***** RECORDS PROVIDED *****

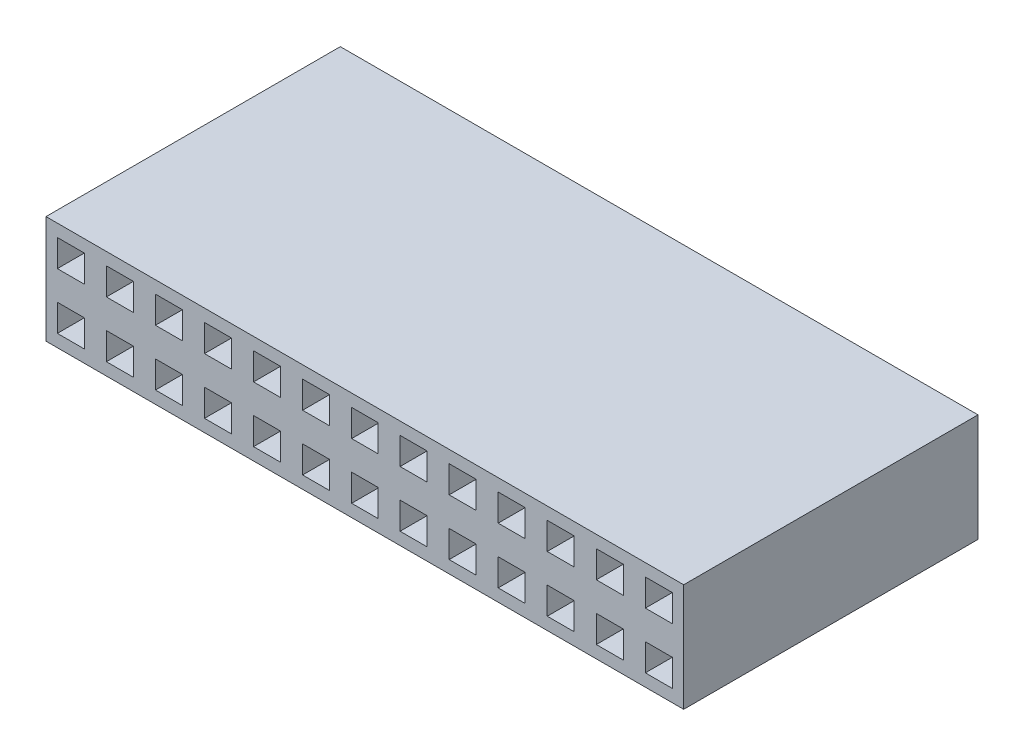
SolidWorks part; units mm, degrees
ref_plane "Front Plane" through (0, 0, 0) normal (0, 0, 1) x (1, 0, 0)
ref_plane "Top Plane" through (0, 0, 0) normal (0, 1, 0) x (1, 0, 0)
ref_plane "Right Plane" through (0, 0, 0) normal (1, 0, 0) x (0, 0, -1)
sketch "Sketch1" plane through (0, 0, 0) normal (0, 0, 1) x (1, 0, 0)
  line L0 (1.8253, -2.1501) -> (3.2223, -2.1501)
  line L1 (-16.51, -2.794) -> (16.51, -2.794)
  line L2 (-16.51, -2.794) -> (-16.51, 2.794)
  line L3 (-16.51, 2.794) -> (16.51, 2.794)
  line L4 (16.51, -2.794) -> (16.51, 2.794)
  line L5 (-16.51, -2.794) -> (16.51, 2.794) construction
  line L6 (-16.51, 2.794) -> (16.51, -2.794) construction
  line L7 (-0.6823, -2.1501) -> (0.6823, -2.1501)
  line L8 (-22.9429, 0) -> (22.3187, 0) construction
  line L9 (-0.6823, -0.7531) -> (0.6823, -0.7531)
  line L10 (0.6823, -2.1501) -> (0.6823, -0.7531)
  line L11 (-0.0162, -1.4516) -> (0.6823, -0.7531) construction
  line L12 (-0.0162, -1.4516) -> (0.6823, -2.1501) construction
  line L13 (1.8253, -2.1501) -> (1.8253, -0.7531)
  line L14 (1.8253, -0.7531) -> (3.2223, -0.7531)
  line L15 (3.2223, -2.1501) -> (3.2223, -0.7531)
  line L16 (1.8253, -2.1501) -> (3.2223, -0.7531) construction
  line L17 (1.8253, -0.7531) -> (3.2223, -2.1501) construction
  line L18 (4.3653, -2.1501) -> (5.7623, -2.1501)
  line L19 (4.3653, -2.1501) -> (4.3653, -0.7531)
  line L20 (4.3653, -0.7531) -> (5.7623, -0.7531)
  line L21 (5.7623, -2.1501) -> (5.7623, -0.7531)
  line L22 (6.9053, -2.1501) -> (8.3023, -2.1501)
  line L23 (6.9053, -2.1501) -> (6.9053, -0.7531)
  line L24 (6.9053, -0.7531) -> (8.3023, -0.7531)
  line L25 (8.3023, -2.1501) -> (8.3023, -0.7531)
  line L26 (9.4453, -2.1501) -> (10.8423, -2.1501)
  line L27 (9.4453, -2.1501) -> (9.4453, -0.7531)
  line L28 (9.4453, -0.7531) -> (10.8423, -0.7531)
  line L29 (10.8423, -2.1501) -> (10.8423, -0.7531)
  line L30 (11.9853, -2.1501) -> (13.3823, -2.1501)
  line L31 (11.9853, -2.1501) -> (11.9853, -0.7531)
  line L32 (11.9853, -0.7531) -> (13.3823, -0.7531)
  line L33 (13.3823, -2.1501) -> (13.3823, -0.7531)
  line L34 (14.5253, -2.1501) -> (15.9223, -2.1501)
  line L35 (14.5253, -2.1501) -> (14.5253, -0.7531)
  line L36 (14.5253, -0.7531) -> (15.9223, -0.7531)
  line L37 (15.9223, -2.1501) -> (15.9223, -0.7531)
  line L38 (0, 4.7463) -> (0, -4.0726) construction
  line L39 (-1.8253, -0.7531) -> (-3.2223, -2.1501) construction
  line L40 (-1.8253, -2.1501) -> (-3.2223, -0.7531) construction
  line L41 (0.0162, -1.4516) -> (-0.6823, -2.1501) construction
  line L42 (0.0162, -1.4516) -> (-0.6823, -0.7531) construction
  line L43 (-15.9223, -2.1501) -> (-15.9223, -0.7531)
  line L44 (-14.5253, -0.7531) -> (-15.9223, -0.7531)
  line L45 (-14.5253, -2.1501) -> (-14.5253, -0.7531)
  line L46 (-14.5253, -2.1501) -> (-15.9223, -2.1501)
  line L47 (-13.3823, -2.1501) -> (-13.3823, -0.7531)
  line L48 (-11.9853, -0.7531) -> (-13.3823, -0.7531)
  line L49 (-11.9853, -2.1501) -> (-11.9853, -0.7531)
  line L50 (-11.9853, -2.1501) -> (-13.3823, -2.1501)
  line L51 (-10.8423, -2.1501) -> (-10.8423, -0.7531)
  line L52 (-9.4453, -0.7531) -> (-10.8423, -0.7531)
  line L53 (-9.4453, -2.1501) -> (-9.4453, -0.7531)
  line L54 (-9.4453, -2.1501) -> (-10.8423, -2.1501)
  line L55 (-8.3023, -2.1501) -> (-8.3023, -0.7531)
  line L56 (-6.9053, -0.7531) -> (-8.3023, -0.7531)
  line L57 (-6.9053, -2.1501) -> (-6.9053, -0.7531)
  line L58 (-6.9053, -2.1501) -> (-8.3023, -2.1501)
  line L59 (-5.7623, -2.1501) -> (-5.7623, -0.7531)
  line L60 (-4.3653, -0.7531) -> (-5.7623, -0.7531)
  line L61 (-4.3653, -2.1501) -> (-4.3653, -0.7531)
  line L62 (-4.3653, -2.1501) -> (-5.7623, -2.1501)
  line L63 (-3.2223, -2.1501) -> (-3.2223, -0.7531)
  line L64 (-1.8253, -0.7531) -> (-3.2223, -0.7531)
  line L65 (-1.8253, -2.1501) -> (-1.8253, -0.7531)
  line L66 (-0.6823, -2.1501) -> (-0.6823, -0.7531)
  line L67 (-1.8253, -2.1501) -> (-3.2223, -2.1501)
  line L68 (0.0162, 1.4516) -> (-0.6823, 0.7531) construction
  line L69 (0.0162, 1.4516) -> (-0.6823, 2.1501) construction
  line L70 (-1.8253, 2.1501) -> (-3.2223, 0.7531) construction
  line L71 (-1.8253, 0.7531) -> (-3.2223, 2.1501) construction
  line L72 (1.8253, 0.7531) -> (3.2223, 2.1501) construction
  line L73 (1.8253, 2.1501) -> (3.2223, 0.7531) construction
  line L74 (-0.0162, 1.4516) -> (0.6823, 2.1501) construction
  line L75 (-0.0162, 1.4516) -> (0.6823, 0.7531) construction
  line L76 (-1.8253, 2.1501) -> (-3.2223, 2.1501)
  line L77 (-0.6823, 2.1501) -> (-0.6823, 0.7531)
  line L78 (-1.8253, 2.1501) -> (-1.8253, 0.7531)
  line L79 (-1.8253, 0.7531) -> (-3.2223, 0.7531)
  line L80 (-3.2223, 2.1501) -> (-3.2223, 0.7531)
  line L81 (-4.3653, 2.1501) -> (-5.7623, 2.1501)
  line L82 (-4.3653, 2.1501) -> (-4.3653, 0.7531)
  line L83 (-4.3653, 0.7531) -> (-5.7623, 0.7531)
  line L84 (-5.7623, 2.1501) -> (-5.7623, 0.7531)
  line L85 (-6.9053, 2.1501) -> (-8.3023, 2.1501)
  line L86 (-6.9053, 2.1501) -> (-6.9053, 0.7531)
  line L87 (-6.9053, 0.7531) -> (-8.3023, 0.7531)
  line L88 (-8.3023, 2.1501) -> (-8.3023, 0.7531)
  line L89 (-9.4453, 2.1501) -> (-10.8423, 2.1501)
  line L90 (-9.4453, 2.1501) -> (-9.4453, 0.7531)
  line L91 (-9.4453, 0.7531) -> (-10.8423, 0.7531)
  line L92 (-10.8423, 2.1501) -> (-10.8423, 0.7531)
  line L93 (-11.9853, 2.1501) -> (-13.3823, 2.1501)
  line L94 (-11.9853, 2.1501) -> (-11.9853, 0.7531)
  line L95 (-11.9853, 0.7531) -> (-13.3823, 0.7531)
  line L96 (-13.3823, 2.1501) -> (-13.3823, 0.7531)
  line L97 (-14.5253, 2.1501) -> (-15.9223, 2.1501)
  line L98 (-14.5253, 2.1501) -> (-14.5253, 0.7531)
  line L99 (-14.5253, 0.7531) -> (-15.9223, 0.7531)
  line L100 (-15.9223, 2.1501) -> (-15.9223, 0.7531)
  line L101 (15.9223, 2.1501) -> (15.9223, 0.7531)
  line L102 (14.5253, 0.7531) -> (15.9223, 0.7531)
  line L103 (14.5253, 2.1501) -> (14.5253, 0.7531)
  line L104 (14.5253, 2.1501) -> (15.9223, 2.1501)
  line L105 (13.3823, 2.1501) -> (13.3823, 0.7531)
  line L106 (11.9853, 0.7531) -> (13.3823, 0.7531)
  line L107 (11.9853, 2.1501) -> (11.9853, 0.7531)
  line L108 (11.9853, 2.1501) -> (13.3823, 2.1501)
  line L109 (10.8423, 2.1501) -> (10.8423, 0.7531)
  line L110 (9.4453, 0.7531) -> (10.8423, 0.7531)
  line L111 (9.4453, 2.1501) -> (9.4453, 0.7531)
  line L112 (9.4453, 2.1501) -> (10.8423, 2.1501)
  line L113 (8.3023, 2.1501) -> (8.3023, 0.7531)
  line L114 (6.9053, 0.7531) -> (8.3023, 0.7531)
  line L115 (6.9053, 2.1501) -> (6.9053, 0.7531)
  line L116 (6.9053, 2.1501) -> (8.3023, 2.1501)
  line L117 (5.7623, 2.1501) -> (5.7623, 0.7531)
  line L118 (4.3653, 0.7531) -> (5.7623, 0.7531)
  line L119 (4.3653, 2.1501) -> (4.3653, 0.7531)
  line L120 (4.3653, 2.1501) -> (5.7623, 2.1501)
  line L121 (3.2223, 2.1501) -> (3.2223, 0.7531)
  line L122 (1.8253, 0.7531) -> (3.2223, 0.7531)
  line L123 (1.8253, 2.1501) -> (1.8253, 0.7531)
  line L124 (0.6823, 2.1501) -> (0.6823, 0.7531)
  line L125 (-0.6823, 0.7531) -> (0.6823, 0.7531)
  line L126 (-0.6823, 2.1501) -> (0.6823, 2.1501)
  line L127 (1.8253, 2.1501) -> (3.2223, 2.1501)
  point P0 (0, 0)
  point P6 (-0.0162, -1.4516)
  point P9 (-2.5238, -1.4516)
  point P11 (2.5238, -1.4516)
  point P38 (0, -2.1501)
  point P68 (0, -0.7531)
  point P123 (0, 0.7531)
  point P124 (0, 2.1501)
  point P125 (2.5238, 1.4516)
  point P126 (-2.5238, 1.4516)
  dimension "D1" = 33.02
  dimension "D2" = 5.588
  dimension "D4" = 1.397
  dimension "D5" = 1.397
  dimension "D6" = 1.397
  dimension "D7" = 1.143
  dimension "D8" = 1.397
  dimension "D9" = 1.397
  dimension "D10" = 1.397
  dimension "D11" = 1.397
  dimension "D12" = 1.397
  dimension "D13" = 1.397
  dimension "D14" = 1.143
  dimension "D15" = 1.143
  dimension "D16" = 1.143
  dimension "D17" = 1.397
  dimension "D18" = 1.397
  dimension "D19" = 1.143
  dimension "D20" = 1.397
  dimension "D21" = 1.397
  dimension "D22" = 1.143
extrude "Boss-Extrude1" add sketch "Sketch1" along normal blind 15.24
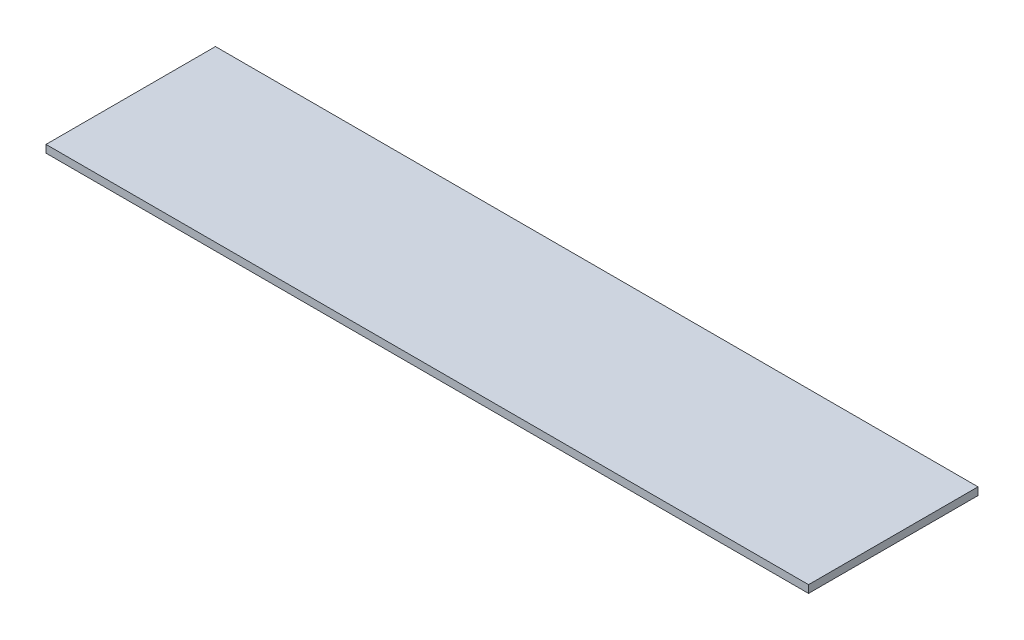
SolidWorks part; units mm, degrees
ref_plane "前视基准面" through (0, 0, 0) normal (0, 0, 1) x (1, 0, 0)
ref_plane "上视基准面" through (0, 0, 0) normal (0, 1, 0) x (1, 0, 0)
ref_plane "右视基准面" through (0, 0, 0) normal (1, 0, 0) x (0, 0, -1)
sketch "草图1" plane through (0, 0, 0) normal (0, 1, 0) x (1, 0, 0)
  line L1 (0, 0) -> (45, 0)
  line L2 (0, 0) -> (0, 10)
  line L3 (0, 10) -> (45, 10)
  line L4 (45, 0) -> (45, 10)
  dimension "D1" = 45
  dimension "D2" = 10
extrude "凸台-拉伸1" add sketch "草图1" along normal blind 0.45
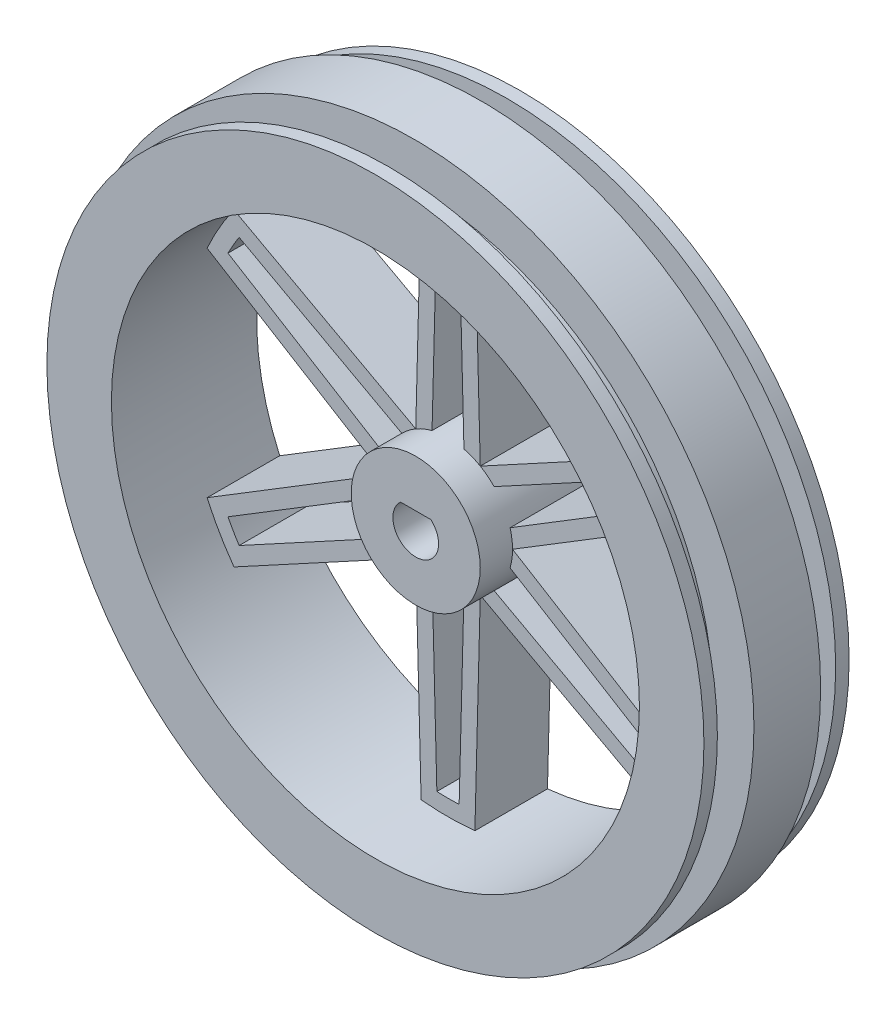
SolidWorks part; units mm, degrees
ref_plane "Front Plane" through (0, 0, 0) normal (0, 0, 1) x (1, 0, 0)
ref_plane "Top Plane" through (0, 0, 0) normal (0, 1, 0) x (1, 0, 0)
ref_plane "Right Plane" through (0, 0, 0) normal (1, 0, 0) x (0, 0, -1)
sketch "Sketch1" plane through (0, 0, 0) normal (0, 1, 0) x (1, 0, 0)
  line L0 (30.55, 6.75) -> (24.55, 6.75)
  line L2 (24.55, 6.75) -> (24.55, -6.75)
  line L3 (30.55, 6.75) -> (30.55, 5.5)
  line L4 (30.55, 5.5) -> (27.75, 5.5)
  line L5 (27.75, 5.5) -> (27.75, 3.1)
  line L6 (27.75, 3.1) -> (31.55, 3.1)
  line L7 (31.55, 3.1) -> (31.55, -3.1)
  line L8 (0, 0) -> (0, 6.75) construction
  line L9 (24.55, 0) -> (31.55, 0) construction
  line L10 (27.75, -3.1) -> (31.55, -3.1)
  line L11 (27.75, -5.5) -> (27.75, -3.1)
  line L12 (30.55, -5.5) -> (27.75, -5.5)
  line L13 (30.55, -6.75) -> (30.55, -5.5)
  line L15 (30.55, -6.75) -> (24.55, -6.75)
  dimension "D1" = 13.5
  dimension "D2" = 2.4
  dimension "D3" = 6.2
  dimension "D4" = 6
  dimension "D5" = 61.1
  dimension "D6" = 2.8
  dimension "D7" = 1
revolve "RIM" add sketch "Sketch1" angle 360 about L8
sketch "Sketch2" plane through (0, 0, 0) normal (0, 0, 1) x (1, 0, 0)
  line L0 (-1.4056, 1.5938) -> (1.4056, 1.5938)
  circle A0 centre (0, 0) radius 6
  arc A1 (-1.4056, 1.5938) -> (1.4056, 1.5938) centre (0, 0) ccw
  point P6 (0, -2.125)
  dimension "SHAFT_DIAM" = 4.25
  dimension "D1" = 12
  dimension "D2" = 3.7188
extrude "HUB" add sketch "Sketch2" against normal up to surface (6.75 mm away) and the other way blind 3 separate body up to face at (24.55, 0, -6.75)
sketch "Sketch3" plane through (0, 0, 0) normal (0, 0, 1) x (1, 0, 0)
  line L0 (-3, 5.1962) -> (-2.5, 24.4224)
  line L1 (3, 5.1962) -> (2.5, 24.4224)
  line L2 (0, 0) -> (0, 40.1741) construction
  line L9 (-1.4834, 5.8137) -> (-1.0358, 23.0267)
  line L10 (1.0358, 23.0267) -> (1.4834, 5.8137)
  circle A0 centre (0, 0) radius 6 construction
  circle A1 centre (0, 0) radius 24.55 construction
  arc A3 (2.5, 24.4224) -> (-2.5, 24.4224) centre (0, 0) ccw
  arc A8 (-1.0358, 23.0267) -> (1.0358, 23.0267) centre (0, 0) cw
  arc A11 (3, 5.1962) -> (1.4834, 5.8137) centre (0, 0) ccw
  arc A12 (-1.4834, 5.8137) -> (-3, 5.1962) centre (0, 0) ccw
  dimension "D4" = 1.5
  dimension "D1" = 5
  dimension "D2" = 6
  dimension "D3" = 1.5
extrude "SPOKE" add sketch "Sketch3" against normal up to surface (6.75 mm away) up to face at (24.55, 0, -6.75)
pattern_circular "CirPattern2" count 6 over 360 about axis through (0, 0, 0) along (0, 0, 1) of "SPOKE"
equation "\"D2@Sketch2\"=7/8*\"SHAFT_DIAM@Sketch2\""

*****

EXERCISE OBJECTIVE: Lines holding the word "centre" are the answer; copy every one from the records above.

ANSWER BELOW:
  circle A0 centre (0, 0) radius 6
  arc A1 (-1.4056, 1.5938) -> (1.4056, 1.5938) centre (0, 0) ccw
  circle A0 centre (0, 0) radius 6 construction
  circle A1 centre (0, 0) radius 24.55 construction
  arc A3 (2.5, 24.4224) -> (-2.5, 24.4224) centre (0, 0) ccw
  arc A8 (-1.0358, 23.0267) -> (1.0358, 23.0267) centre (0, 0) cw
  arc A11 (3, 5.1962) -> (1.4834, 5.8137) centre (0, 0) ccw
  arc A12 (-1.4834, 5.8137) -> (-3, 5.1962) centre (0, 0) ccw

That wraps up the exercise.